A misscoped UI refresh I turned into an end-to-end experience redesign, shipping the foundation that unblocked T-Mobile ID adoption across Retail and Digital, without a single backend change.

RoleProduct Designer · led end-to-end
ConstraintBackend frozen · tight timeline
Surfaceweb · mobile · app
StatusShipped
T-Mobile IDs, web view, four user roles
→ OutcomeWhy it mattered

The work other teams were waiting on.

Cross-company unlock. This redesign of the F&BV Digital Profile established T-Mobile’s new identity model, defining how user roles are managed under T-Mobile IDs across all accounts (excl. Business). Multiple company-wide initiatives were blocked on it, and it extended T-Mobile ID adoption into Retail, not just Digital. That shared foundation didn’t exist before.

§01The problem

Identity built on phone numbers, in a world moving past them.

T-Mobile’s F&BV Digital Profile experience was built around MSISDNs, phone numbers. Every user role, every permission, every touchpoint tied back to a phone number. As T-Mobile pushed toward a unified identity model built on T-Mobile IDs, that experience no longer reflected how the business needed identity to work.

§02My role

End-to-end ownership, including ownership of figuring out what the project was.

I owned this project end-to-end: identifying the real scope, convincing stakeholders to act on it, defining the experience direction, collaborating with engineering daily, and seeing it through delivery under significant pressure.

This was not a handed-down brief with a clear path. The first and most important design decision was figuring out what the project actually needed to be.

Scope shift, UI refresh vs experience redesign
§03Reframing the scope

The brief said UI refresh. The work said experience redesign.

When I joined, the project was scoped as a UI refresh. Another designer was slated for it but was swamped, so I stepped in. At kickoff it became clear the requested changes were not cosmetic, they touched how roles displayed, how permissions worked, and how the experience would behave for four distinct user types.

I brought it to stakeholders directly. I walked them through what the requested changes would break if treated as surface-level, and what we would need to do differently to actually solve the problem. The conversation shifted the project from a quick visual pass to a full experience redesign.

Shipping a refreshed UI on a broken foundation would have been faster and would have solved nothing.

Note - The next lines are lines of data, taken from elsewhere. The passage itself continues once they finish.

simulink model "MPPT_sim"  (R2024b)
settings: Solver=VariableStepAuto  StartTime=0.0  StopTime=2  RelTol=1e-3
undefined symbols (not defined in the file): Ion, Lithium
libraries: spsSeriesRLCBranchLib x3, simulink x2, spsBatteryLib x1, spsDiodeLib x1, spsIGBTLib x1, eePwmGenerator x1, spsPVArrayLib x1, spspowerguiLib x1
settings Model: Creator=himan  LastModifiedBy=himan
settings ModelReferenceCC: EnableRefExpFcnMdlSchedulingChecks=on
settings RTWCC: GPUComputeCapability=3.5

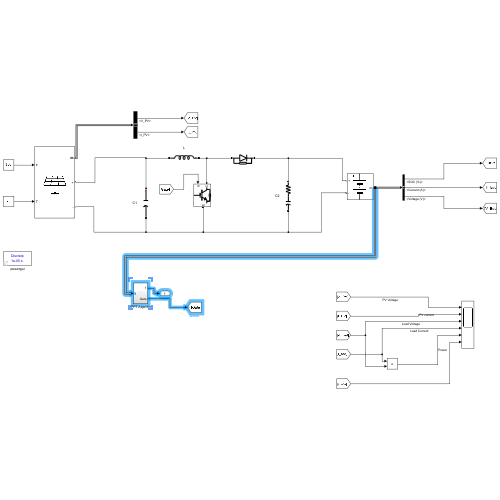
[thumbnail: Simulink's stored preview of the top-level diagram]
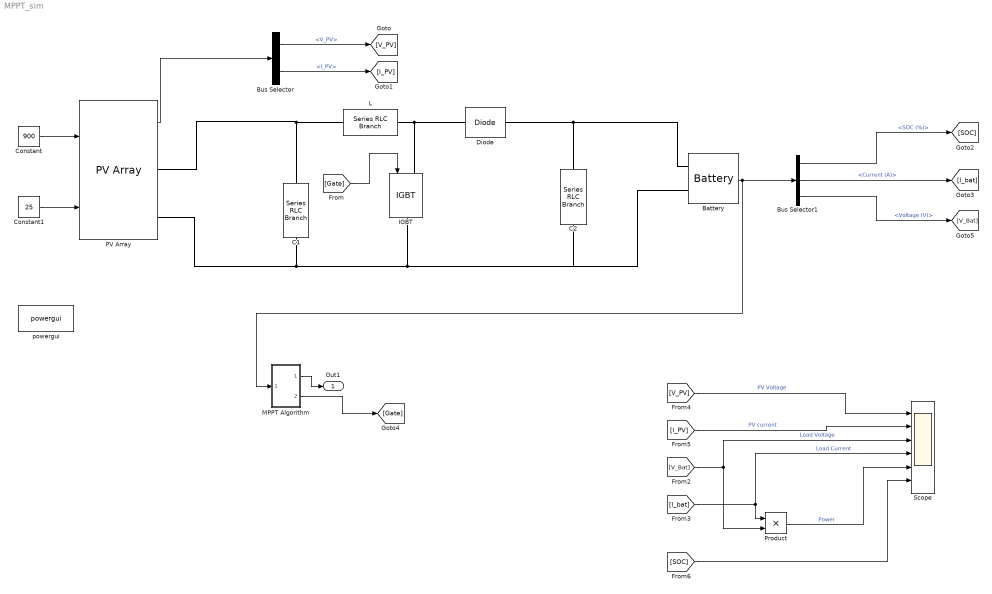
== system MPPT_sim ==
  Battery : spsBatteryLib/Battery  BatType=Lithium-Ion  NomV=48  NomQ=100  SOC=40  Batt_Tr=0.250  PresetModel=on  MaxQ=100  MinV=36  FullV=55.8714  Dis_rate=43.4783  R=0.0048  Normal_OP=90.4348  expZone="[51.8585      4.91304]"
  Bus Selector : BusSelector  OutputSignals=V_PV,I_PV
  Bus Selector1 : BusSelector  OutputSignals=SOC (%),Current (A),Voltage (V)
  C1 : spsSeriesRLCBranchLib/Series RLC Branch  LConnTagsString=__new0  RConnTagsString=__new0  BranchType=C  Resistance=0  Inductance=0  SetiL0=off  InitialCurrent=0  Capacitance=1e-3  Setx0=off  InitialVoltage=0  Measurements=None
  C2 : spsSeriesRLCBranchLib/Series RLC Branch  LConnTagsString=__new0  RConnTagsString=__new0  BranchType=RC  Resistance=1e-4  Inductance=0  SetiL0=off  InitialCurrent=0  Capacitance=10e-6  Setx0=off  InitialVoltage=0  Measurements=None
  Constant : Constant  Value=900
  Constant1 : Constant  Value=25
  Diode : spsDiodeLib/Diode  Ron=0.001  Lon=0  Vf=0.8  IC=0  UseSnubber=0  Rs=500  Cs=250e-9  Measurements=off
  IGBT : spsIGBTLib/IGBT  Ron=0.001  Lon=0  Vf=1  Tf=1e-6  Tt=2e-6  IC=0  Rs=1e5  Cs=inf  Measurements=off
  L : spsSeriesRLCBranchLib/Series RLC Branch  LConnTagsString=__new0  RConnTagsString=__new0  BranchType=L  Resistance=0  Inductance=1e-1  SetiL0=off  InitialCurrent=0  Capacitance=1e-6  Setx0=off  InitialVoltage=0  Measurements=None
  MPPT Algorithm : Subsystem
  PV Array : spsPVArrayLib/PV Array  Npar=1  Nser=1  PlotType=array @ 25 deg.C & specified irradiances  S_vec="[ 1000  800 ]"  Temp_C_vec="[ 45 25  ]"  ModuleName=User-defined  PlotWhenSelected=off  Pm=535.392  Ncell=144  Voc=49.4  Isc=13.56  Vm=41.6  Im=12.87  beta_Voc_pc=-0.27  alpha_Isc_pc=0.05  beta_Voc=-0.13338  alpha_Isc=0.00678  IL=13.5812  I0=1.2378e-11  nI=0.48183  Rsh=307.5281  Rs=0.17005  RobustModel=off  RobustCellTemperature=313.3991  BAL=on  Tc=1e-6  Tfilter=5e-5
  Product : Product
  Scope : Scope  NumInputPorts=6
  powergui : spspowerguiLib/powergui  Priority=1  SimulationMode=Discrete  SampleTime=1e-5  frequency=60  Iterations=50  frequencyindice=0  Pbase=100e6  ErrMax=1e-4  UnitsV=kV  UnitsW=MW  buscounter=0  FunctionMessages=off  echomessages=off  EnableUseOfTLC=off  CurrentSourceSwitches=off  DisableSnubberDevices=off  DisableRonSwitches=off  DisableVfSwitches=off  DisplayEquations=off  AutomaticDiscreteSolvers=off  SolverType=Tustin/Backward Euler (TBE)  Interpol=off  ExternalGateDelay=off  methode=off  Ts=100  x0status=blocks  SPID=on  SwTol=0  HookPort=off  NonlinearTolerance=1e-4  nMaxIteration=100  ContinueOnMaxIteration=off  RestoreLinks=warning  ResistiveCurrentMeasurement=off  Frange=[0:2:500]  Ylog=off  Xlog=on  ShowGrid=off  save=off  variable=ZData  structure=0  ZoomFFT=off  StartTime=0.0  cycles=1  DisplayStyle=1  fundamental=60  FreqAxis=off  MaxFrequency=1000  frequencyindicesteady=1  RmsSteady=1  display=off
  Out1 : Outport
  wires:
  Constant/1 -> PV Array/1
  Constant1/1 -> PV Array/2
  PV Array/1 -> Bus Selector/1
  Bus Selector/1 -> [V_PV]  "<V_PV>"
  Bus Selector/2 -> [I_PV]  "<I_PV>"
  MPPT Algorithm/1(Out1) -> Out1/1
  [Gate] -> IGBT/1
  Bus Selector1/2 -> [I_bat]  "<Current (A)>"
  Bus Selector1/1 -> [SOC]  "<SOC (%)>"
  Battery/1 -> Bus Selector1/1, MPPT Algorithm/1(In1)
  Bus Selector1/3 -> [V_Bat]  "<Voltage (V)>"
  [I_PV] -> Scope/2  "PV current"
  [V_PV] -> Scope/1  "PV Voltage"
  [SOC] -> Scope/6
  Product/1 -> Scope/5  "Power"
  [V_Bat] -> Product/2, Scope/3  "Load Voltage"
  [I_bat] -> Product/1, Scope/4  "Load Current"
  MPPT Algorithm/2(Gate) -> [Gate]
  connections:
  C1/LConn1 -- PV Array/RConn1 -- L/RConn1
  PV Array/RConn2 -- C2/RConn1 -- Battery/LConn2 -- IGBT/RConn1 -- C1/RConn1
  L/LConn1 -- Diode/LConn1 -- IGBT/LConn1
  Diode/RConn1 -- Battery/LConn1 -- C2/LConn1

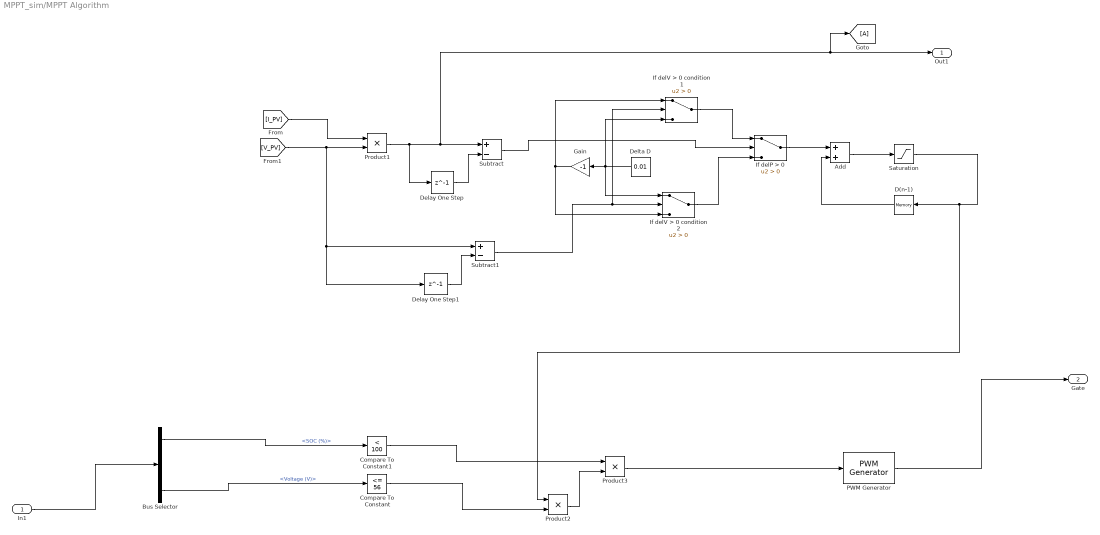
== system MPPT_sim/MPPT Algorithm ==
  In1 : Inport
  Add : Sum
  Bus Selector : BusSelector  OutputSignals=SOC (%),Current (A),Voltage (V)
  Compare To Constant : simulink/Logic and Bit Operations/Compare To Constant  relop=<=  const=56  OutDataTypeStr=boolean
  Compare To Constant1 : simulink/Logic and Bit Operations/Compare To Constant  relop=<  const=100  OutDataTypeStr=boolean
  D(n-1) : Memory  InheritSampleTime=on
  Delay One Step : Delay  DelayLength=1
  Delay One Step1 : Delay  DelayLength=1
  Delta D : Constant  Value=0.01
  Gain : Gain  Gain=-1
  Goto : Goto
  "If delP > 0 " : Switch  Criteria=u2 > Threshold  SaturateOnIntegerOverflow=off  InputSameDT=off
  If delV > 0 condition 1 : Switch  Criteria=u2 > Threshold  SaturateOnIntegerOverflow=off  InputSameDT=off
  "If delV > 0 condition 2 " : Switch  Criteria=u2 > Threshold  SaturateOnIntegerOverflow=off  InputSameDT=off
  PWM Generator : eePwmGenerator/PWM Generator  CarrCount=Up  Tper=0.0001  Tdelay=0  Ts=1e-6
  Product1 : Product
  Product2 : Product
  Product3 : Product
  Saturation : Saturate  UpperLimit=1  LowerLimit=0
  Subtract : Sum  Inputs=+-
  Subtract1 : Sum  Inputs=+-
  Out1 : Outport
  Gate : Outport  Port=2
  wires:
  [V_PV] -> Delay One Step1/1, Subtract1/1, Product1/2
  Add/1 -> Saturation/1
  Delta D/1 -> "If delV > 0 condition 2 "/1, If delV > 0 condition 1/3, Gain/1
  Gain/1 -> "If delV > 0 condition 2 "/3, If delV > 0 condition 1/1
  Saturation/1 -> Product2/1, D(n-1)/1
  Subtract/1 -> "If delP > 0 "/2
  Subtract1/1 -> If delV > 0 condition 1/2, "If delV > 0 condition 2 "/2
  "If delP > 0 "/1 -> Add/1
  "If delV > 0 condition 2 "/1 -> "If delP > 0 "/3
  [I_PV] -> Product1/1
  Product1/1 -> Goto/1, Out1/1, Subtract/1, Delay One Step/1
  Delay One Step1/1 -> Subtract1/2
  D(n-1)/1 -> Add/2
  If delV > 0 condition 1/1 -> "If delP > 0 "/1
  Delay One Step/1 -> Subtract/2
  PWM Generator/1 -> Gate/1
  In1/1 -> Bus Selector/1
  Product2/1 -> Product3/2
  Product3/1 -> PWM Generator/1
  Compare To Constant1/1 -> Product3/1
  Compare To Constant/1 -> Product2/2
  Bus Selector/1 -> Compare To Constant1/1  "<SOC (%)>"
  Bus Selector/3 -> Compare To Constant/1  "<Voltage (V)>"

That was not a small ask, more time, more scope, more coordination. Stakeholders agreed because the case was clear. Getting that alignment early was what made everything else possible.

Research synthesis
§04Grounding the work

Research from prior projects, used efficiently.

The timeline didn’t support new research. I grounded the work in existing studies from related areas of the account experience, surveys, unmoderated usability tests, tree sorting, card sorting.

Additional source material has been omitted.